Please copy each line below that contains the word "Matrix".

━━━━━ Exercise data

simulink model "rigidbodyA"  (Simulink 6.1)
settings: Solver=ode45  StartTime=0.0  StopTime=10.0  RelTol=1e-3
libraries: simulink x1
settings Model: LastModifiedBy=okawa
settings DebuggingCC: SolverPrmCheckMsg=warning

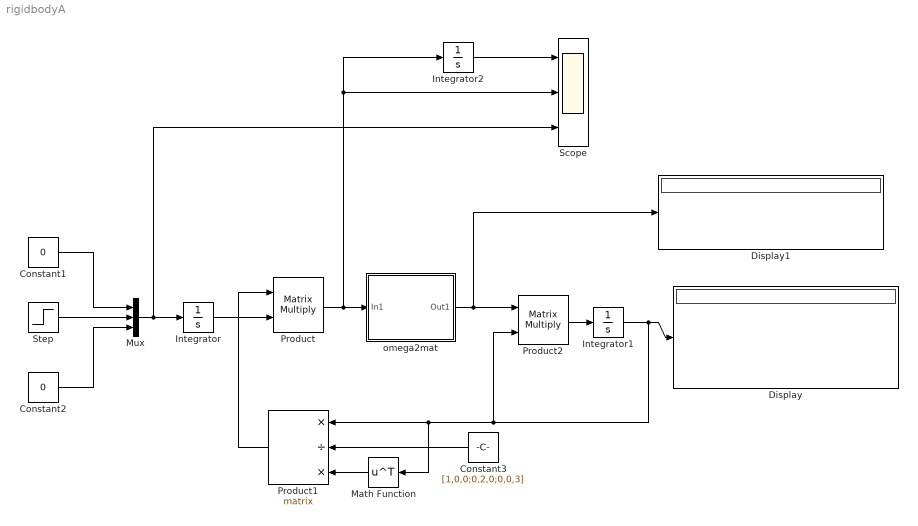
== system rigidbodyA ==
  Constant1 : Constant  Value=0
  Constant2 : Constant  Value=0
  Constant3 : Constant  Orientation=left  Value=[1,0,0;0,2,0;0,0,3]  VectorParams1D=off
  Display : Display
  Display1 : Display
  Integrator : Integrator
  Integrator1 : Integrator  InitialCondition=[1,0,0;0,1,0;0,0,1]
  Integrator2 : Integrator
  Math Function : Math  Orientation=left  Operator=transpose  SaturateOnIntegerOverflow=on
  Mux : Mux  Inputs=3
  Product : Product  Inputs=**  Multiplication=Matrix(*)  RndMeth=Zero
  Product1 : Product  Orientation=left  Inputs=*/*  Multiplication=Matrix(*)  RndMeth=Zero
  Product2 : Product  Inputs=**  Multiplication=Matrix(*)  RndMeth=Zero
  Scope : Scope  NumInputPorts=3
      settings: YMin=-5~-5~-5  YMax=5~5~5
  Step : Step  SampleTime=0
  omega2mat : Subsystem
  wires:
  Constant1/1 -> Mux/1
  Step/1 -> Mux/2
  Constant2/1 -> Mux/3
  Mux/1 -> Integrator/1, Scope/3
  Integrator/1 -> Product/2
  Product/1 -> omega2mat/1(In1), Scope/2, Integrator2/1
  omega2mat/1(Out1) -> Product2/1, Display1/1
  Product2/1 -> Integrator1/1
  Integrator1/1 -> Display/1, Product1/1, Math Function/1, Product2/2
  Constant3/1 -> Product1/2
  Math Function/1 -> Product1/3
  Integrator2/1 -> Scope/1
  Product1/1 -> Product/1

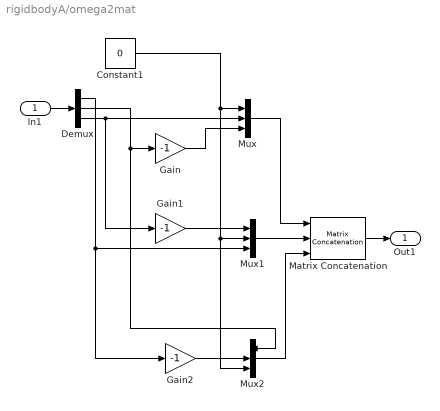
== system rigidbodyA/omega2mat ==
  In1 : Inport  Port=1  LatchInput=off
  Constant1 : Constant  Value=0
  Demux : Demux  Outputs=3
  Gain : Gain  Gain=-1
  Gain1 : Gain  Gain=-1
  Gain2 : Gain  Gain=-1
  Matrix Concatenation : simulink/Math Operations/Matrix Concatenation  numInports=3  catMethod=Horizontal
  Mux : Mux  Inputs=3
  Mux1 : Mux  Inputs=3
  Mux2 : Mux  Inputs=3
  Out1 : Outport
  wires:
  Constant1/1 -> Mux/1, Mux1/2, Mux2/3
  Demux/2 -> Gain/1, Mux2/1
  Gain/1 -> Mux/3
  Demux/3 -> Mux/2, Gain1/1
  Gain1/1 -> Mux1/1
  Demux/1 -> Mux1/3, Gain2/1
  Gain2/1 -> Mux2/2
  Mux/1 -> Matrix Concatenation/1
  Mux1/1 -> Matrix Concatenation/2
  Mux2/1 -> Matrix Concatenation/3
  In1/1 -> Demux/1
  Matrix Concatenation/1 -> Out1/1

━━━━━━━━━━

* [Worked solution]
  Product : Product  Inputs=**  Multiplication=Matrix(*)  RndMeth=Zero
  Product1 : Product  Orientation=left  Inputs=*/*  Multiplication=Matrix(*)  RndMeth=Zero
  Product2 : Product  Inputs=**  Multiplication=Matrix(*)  RndMeth=Zero
  Matrix Concatenation : simulink/Math Operations/Matrix Concatenation  numInports=3  catMethod=Horizontal
  Mux/1 -> Matrix Concatenation/1
  Mux1/1 -> Matrix Concatenation/2
  Mux2/1 -> Matrix Concatenation/3
  Matrix Concatenation/1 -> Out1/1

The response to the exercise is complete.